⟨

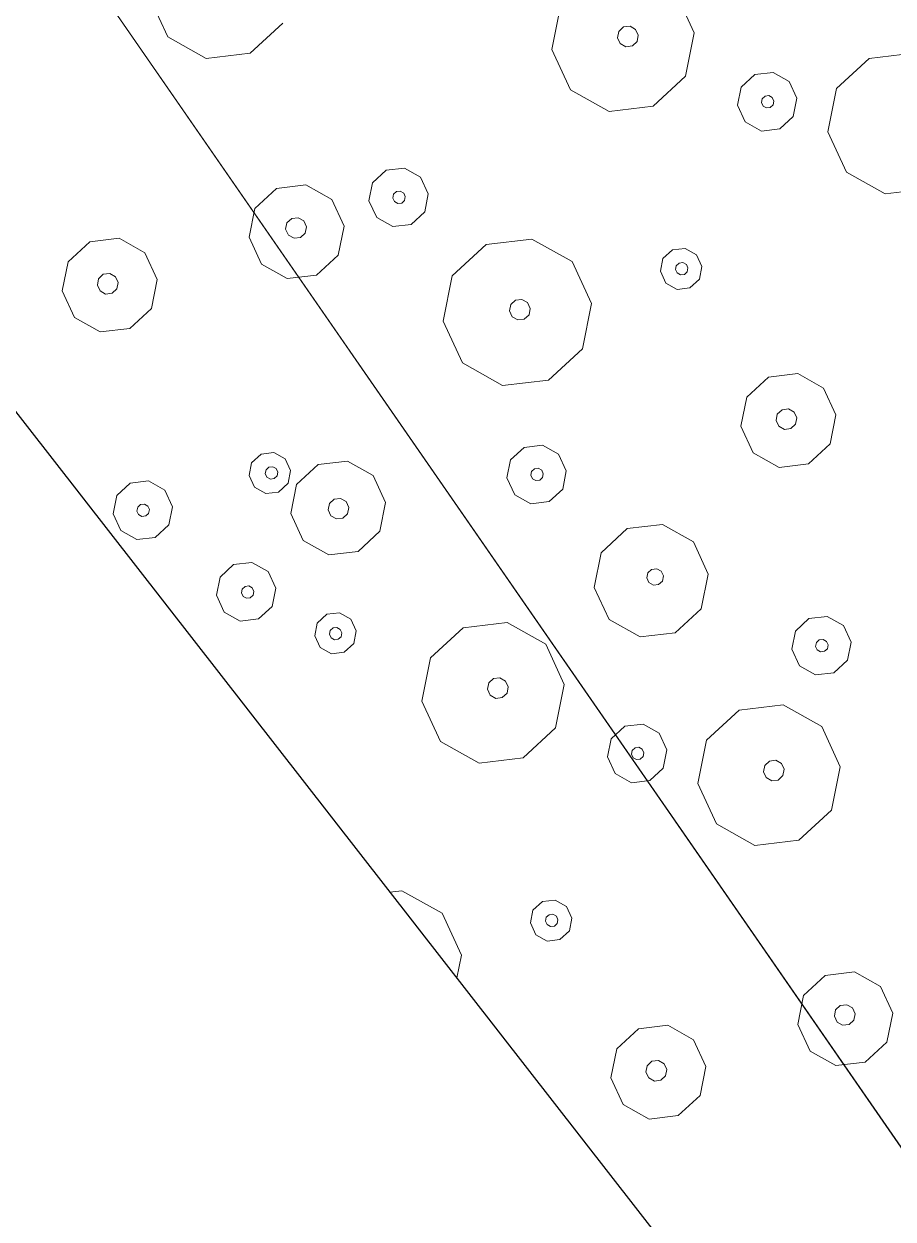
# Model space of a CAD drawing. Header units: metres. Extents: x -2858 to 512, y -1995 to 1252.
# Drawn here: x -934.089 to -931.761, y -883.817 to -880.615 of the extents above; entities that cross this region are included whole.
import ezdxf

# ---------------------------------------------------------------- set-up
doc = ezdxf.new("R2010")
doc.units = ezdxf.units.M
doc.layers.add('Calque commun', color=7, linetype='Continuous')
doc.layers.add('Calque11', color=7, linetype='Continuous')

# ---------------------------------------------------------------- blocks, each defined once
blk = doc.blocks.new('geometrebondepartleger')
at = {"layer": 'Calque11', "color": 7, "linetype": 'Continuous', "lineweight": 9}
blk.add_line((150.3457, 147.4392, 79), (130.1803, 35.9078, 79), dxfattribs=at)
blk = doc.blocks.new('pattern')
at = {"layer": 'Calque commun', "color": 54, "linetype": 'Continuous', "lineweight": 9}
for p, q in [((71.7463, 94.6832), (71.8144, 94.7234)), ((71.8144, 94.7234), (71.8932, 94.7159)), ((71.8932, 94.7159), (71.9525, 94.6636)), ((71.7149, 94.6106), (71.7463, 94.6832)), ((71.9525, 94.6636), (71.9697, 94.5863)), ((71.732, 94.5334), (71.7149, 94.6106)), ((71.8078, 94.5932), (71.8147, 94.6091)), ((71.8147, 94.6091), (71.8296, 94.6179)), ((71.8296, 94.6179), (71.8469, 94.6163)), ((71.8469, 94.6163), (71.8598, 94.6048)), ((71.8598, 94.6048), (71.8636, 94.5879)), ((71.8116, 94.5764), (71.8078, 94.5932)), ((71.8246, 94.5649), (71.8116, 94.5764)), ((71.8418, 94.5633), (71.8246, 94.5649)), ((71.8567, 94.5721), (71.8418, 94.5633)), ((71.8636, 94.5879), (71.8567, 94.5721)), ((71.9697, 94.5863), (71.9382, 94.5138)), ((71.7914, 94.481), (71.732, 94.5334)), ((71.9382, 94.5138), (71.8701, 94.4735)), ((71.8701, 94.4735), (71.7914, 94.481)), ((72.1869, 94.4056), (72.255, 94.4458)), ((72.255, 94.4458), (72.3338, 94.4383)), ((72.3338, 94.4383), (72.3931, 94.386)), ((72.1554, 94.333), (72.1869, 94.4056)), ((72.3931, 94.386), (72.4103, 94.3088)), ((72.2627, 94.3331), (72.2776, 94.3419)), ((72.2776, 94.3419), (72.2949, 94.3402)), ((72.1726, 94.2558), (72.1554, 94.333)), ((72.2559, 94.3172), (72.2627, 94.3331)), ((72.2596, 94.3003), (72.2559, 94.3172)), ((72.2949, 94.3402), (72.3078, 94.3288)), ((72.3116, 94.3119), (72.3047, 94.296)), ((72.3078, 94.3288), (72.3116, 94.3119)), ((72.4103, 94.3088), (72.3788, 94.2362)), ((72.2726, 94.2888), (72.2596, 94.3003)), ((72.2898, 94.2872), (72.2726, 94.2888)), ((72.3047, 94.296), (72.2898, 94.2872)), ((72.2319, 94.2035), (72.1726, 94.2558)), ((72.3788, 94.2362), (72.3107, 94.196)), ((71.3484, 94.1381), (71.4506, 94.1984)), ((71.4506, 94.1984), (71.5687, 94.1871)), ((71.5687, 94.1871), (71.6577, 94.1086)), ((72.3107, 94.196), (72.2319, 94.2035)), ((71.3012, 94.0292), (71.3484, 94.1381)), ((71.6577, 94.1086), (71.6835, 93.9928)), ((71.327, 93.9134), (71.3012, 94.0292)), ((71.4465, 94.015), (71.4534, 94.0309)), ((71.4534, 94.0309), (71.4683, 94.0397)), ((71.4683, 94.0397), (71.4855, 94.038)), ((71.4855, 94.038), (71.4985, 94.0266)), ((71.4985, 94.0266), (71.5023, 94.0097)), ((71.4503, 93.9981), (71.4465, 94.015)), ((71.4632, 93.9866), (71.4503, 93.9981)), ((71.4954, 93.9938), (71.4805, 93.985)), ((71.5023, 94.0097), (71.4954, 93.9938)), ((71.6835, 93.9928), (71.6363, 93.8839)), ((71.08, 93.937), (71.1226, 93.9622)), ((71.1226, 93.9622), (71.1718, 93.9575)), ((71.1718, 93.9575), (71.2088, 93.9247)), ((71.4805, 93.985), (71.4632, 93.9866)), ((71.0603, 93.8916), (71.08, 93.937)), ((71.2088, 93.9247), (71.2196, 93.8765)), ((71.1225, 93.8865), (71.1266, 93.896)), ((71.1266, 93.896), (71.1356, 93.9013)), ((71.1356, 93.9013), (71.1459, 93.9003)), ((71.1459, 93.9003), (71.1537, 93.8935)), ((71.1537, 93.8935), (71.156, 93.8833)), ((71.416, 93.8348), (71.327, 93.9134)), ((71.0711, 93.8434), (71.0603, 93.8916)), ((71.1248, 93.8764), (71.1225, 93.8865)), ((71.1325, 93.8695), (71.1248, 93.8764)), ((71.1429, 93.8685), (71.1325, 93.8695)), ((71.1518, 93.8738), (71.1429, 93.8685)), ((71.156, 93.8833), (71.1518, 93.8738)), ((71.2196, 93.8765), (71.1999, 93.8311)), ((71.6363, 93.8839), (71.5341, 93.8236)), ((72.1159, 93.8414), (72.1297, 93.8731)), ((72.1297, 93.8731), (72.1595, 93.8907)), ((72.1595, 93.8907), (72.1939, 93.8874)), ((72.1939, 93.8874), (72.2199, 93.8645)), ((72.2199, 93.8645), (72.2274, 93.8307)), ((71.1081, 93.8107), (71.0711, 93.8434)), ((71.1999, 93.8311), (71.1573, 93.806)), ((71.5341, 93.8236), (71.416, 93.8348)), ((72.1234, 93.8076), (72.1159, 93.8414)), ((72.1537, 93.8385), (72.1578, 93.848)), ((72.1559, 93.8284), (72.1537, 93.8385)), ((72.1637, 93.8215), (72.1559, 93.8284)), ((72.1578, 93.848), (72.1667, 93.8533)), ((72.1667, 93.8533), (72.1771, 93.8523)), ((72.1771, 93.8523), (72.1849, 93.8454)), ((72.1871, 93.8353), (72.183, 93.8258)), ((72.1849, 93.8454), (72.1871, 93.8353)), ((72.2274, 93.8307), (72.2136, 93.799)), ((71.1573, 93.806), (71.1081, 93.8107)), ((72.1494, 93.7847), (72.1234, 93.8076)), ((72.174, 93.8205), (72.1637, 93.8215)), ((72.183, 93.8258), (72.174, 93.8205)), ((72.2136, 93.799), (72.1838, 93.7814)), ((71.6243, 93.762), (71.6669, 93.7872)), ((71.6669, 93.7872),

⟩

An exact copy of the records above is required, leaving out the pictures.

# Model space of a CAD drawing. Header units: metres. Extents: x -2858 to 512, y -1995 to 1252.
# Drawn here: x -934.089 to -931.761, y -883.817 to -880.615 of the extents above; entities that cross this region are included whole.
import ezdxf

# ---------------------------------------------------------------- set-up
doc = ezdxf.new("R2010")
doc.units = ezdxf.units.M
doc.layers.add('Calque commun', color=7, linetype='Continuous')
doc.layers.add('Calque11', color=7, linetype='Continuous')

# ---------------------------------------------------------------- blocks, each defined once
blk = doc.blocks.new('geometrebondepartleger')
at = {"layer": 'Calque11', "color": 7, "linetype": 'Continuous', "lineweight": 9}
blk.add_line((150.3457, 147.4392, 79), (130.1803, 35.9078, 79), dxfattribs=at)
blk = doc.blocks.new('pattern')
at = {"layer": 'Calque commun', "color": 54, "linetype": 'Continuous', "lineweight": 9}
for p, q in [((71.7463, 94.6832), (71.8144, 94.7234)), ((71.8144, 94.7234), (71.8932, 94.7159)), ((71.8932, 94.7159), (71.9525, 94.6636)), ((71.7149, 94.6106), (71.7463, 94.6832)), ((71.9525, 94.6636), (71.9697, 94.5863)), ((71.732, 94.5334), (71.7149, 94.6106)), ((71.8078, 94.5932), (71.8147, 94.6091)), ((71.8147, 94.6091), (71.8296, 94.6179)), ((71.8296, 94.6179), (71.8469, 94.6163)), ((71.8469, 94.6163), (71.8598, 94.6048)), ((71.8598, 94.6048), (71.8636, 94.5879)), ((71.8116, 94.5764), (71.8078, 94.5932)), ((71.8246, 94.5649), (71.8116, 94.5764)), ((71.8418, 94.5633), (71.8246, 94.5649)), ((71.8567, 94.5721), (71.8418, 94.5633)), ((71.8636, 94.5879), (71.8567, 94.5721)), ((71.9697, 94.5863), (71.9382, 94.5138)), ((71.7914, 94.481), (71.732, 94.5334)), ((71.9382, 94.5138), (71.8701, 94.4735)), ((71.8701, 94.4735), (71.7914, 94.481)), ((72.1869, 94.4056), (72.255, 94.4458)), ((72.255, 94.4458), (72.3338, 94.4383)), ((72.3338, 94.4383), (72.3931, 94.386)), ((72.1554, 94.333), (72.1869, 94.4056)), ((72.3931, 94.386), (72.4103, 94.3088)), ((72.2627, 94.3331), (72.2776, 94.3419)), ((72.2776, 94.3419), (72.2949, 94.3402)), ((72.1726, 94.2558), (72.1554, 94.333)), ((72.2559, 94.3172), (72.2627, 94.3331)), ((72.2596, 94.3003), (72.2559, 94.3172)), ((72.2949, 94.3402), (72.3078, 94.3288)), ((72.3116, 94.3119), (72.3047, 94.296)), ((72.3078, 94.3288), (72.3116, 94.3119)), ((72.4103, 94.3088), (72.3788, 94.2362)), ((72.2726, 94.2888), (72.2596, 94.3003)), ((72.2898, 94.2872), (72.2726, 94.2888)), ((72.3047, 94.296), (72.2898, 94.2872)), ((72.2319, 94.2035), (72.1726, 94.2558)), ((72.3788, 94.2362), (72.3107, 94.196)), ((71.3484, 94.1381), (71.4506, 94.1984)), ((71.4506, 94.1984), (71.5687, 94.1871)), ((71.5687, 94.1871), (71.6577, 94.1086)), ((72.3107, 94.196), (72.2319, 94.2035)), ((71.3012, 94.0292), (71.3484, 94.1381)), ((71.6577, 94.1086), (71.6835, 93.9928)), ((71.327, 93.9134), (71.3012, 94.0292)), ((71.4465, 94.015), (71.4534, 94.0309)), ((71.4534, 94.0309), (71.4683, 94.0397)), ((71.4683, 94.0397), (71.4855, 94.038)), ((71.4855, 94.038), (71.4985, 94.0266)), ((71.4985, 94.0266), (71.5023, 94.0097)), ((71.4503, 93.9981), (71.4465, 94.015)), ((71.4632, 93.9866), (71.4503, 93.9981)), ((71.4954, 93.9938), (71.4805, 93.985)), ((71.5023, 94.0097), (71.4954, 93.9938)), ((71.6835, 93.9928), (71.6363, 93.8839)), ((71.08, 93.937), (71.1226, 93.9622)), ((71.1226, 93.9622), (71.1718, 93.9575)), ((71.1718, 93.9575), (71.2088, 93.9247)), ((71.4805, 93.985), (71.4632, 93.9866)), ((71.0603, 93.8916), (71.08, 93.937)), ((71.2088, 93.9247), (71.2196, 93.8765)), ((71.1225, 93.8865), (71.1266, 93.896)), ((71.1266, 93.896), (71.1356, 93.9013)), ((71.1356, 93.9013), (71.1459, 93.9003)), ((71.1459, 93.9003), (71.1537, 93.8935)), ((71.1537, 93.8935), (71.156, 93.8833)), ((71.416, 93.8348), (71.327, 93.9134)), ((71.0711, 93.8434), (71.0603, 93.8916)), ((71.1248, 93.8764), (71.1225, 93.8865)), ((71.1325, 93.8695), (71.1248, 93.8764)), ((71.1429, 93.8685), (71.1325, 93.8695)), ((71.1518, 93.8738), (71.1429, 93.8685)), ((71.156, 93.8833), (71.1518, 93.8738)), ((71.2196, 93.8765), (71.1999, 93.8311)), ((71.6363, 93.8839), (71.5341, 93.8236)), ((72.1159, 93.8414), (72.1297, 93.8731)), ((72.1297, 93.8731), (72.1595, 93.8907)), ((72.1595, 93.8907), (72.1939, 93.8874)), ((72.1939, 93.8874), (72.2199, 93.8645)), ((72.2199, 93.8645), (72.2274, 93.8307)), ((71.1081, 93.8107), (71.0711, 93.8434)), ((71.1999, 93.8311), (71.1573, 93.806)), ((71.5341, 93.8236), (71.416, 93.8348)), ((72.1234, 93.8076), (72.1159, 93.8414)), ((72.1537, 93.8385), (72.1578, 93.848)), ((72.1559, 93.8284), (72.1537, 93.8385)), ((72.1637, 93.8215), (72.1559, 93.8284)), ((72.1578, 93.848), (72.1667, 93.8533)), ((72.1667, 93.8533), (72.1771, 93.8523)), ((72.1771, 93.8523), (72.1849, 93.8454)), ((72.1871, 93.8353), (72.183, 93.8258)), ((72.1849, 93.8454), (72.1871, 93.8353)), ((72.2274, 93.8307), (72.2136, 93.799)), ((71.1573, 93.806), (71.1081, 93.8107)), ((72.1494, 93.7847), (72.1234, 93.8076)), ((72.174, 93.8205), (72.1637, 93.8215)), ((72.183, 93.8258), (72.174, 93.8205)), ((72.2136, 93.799), (72.1838, 93.7814)), ((71.6243, 93.762), (71.6669, 93.7872)), ((71.6669, 93.7872),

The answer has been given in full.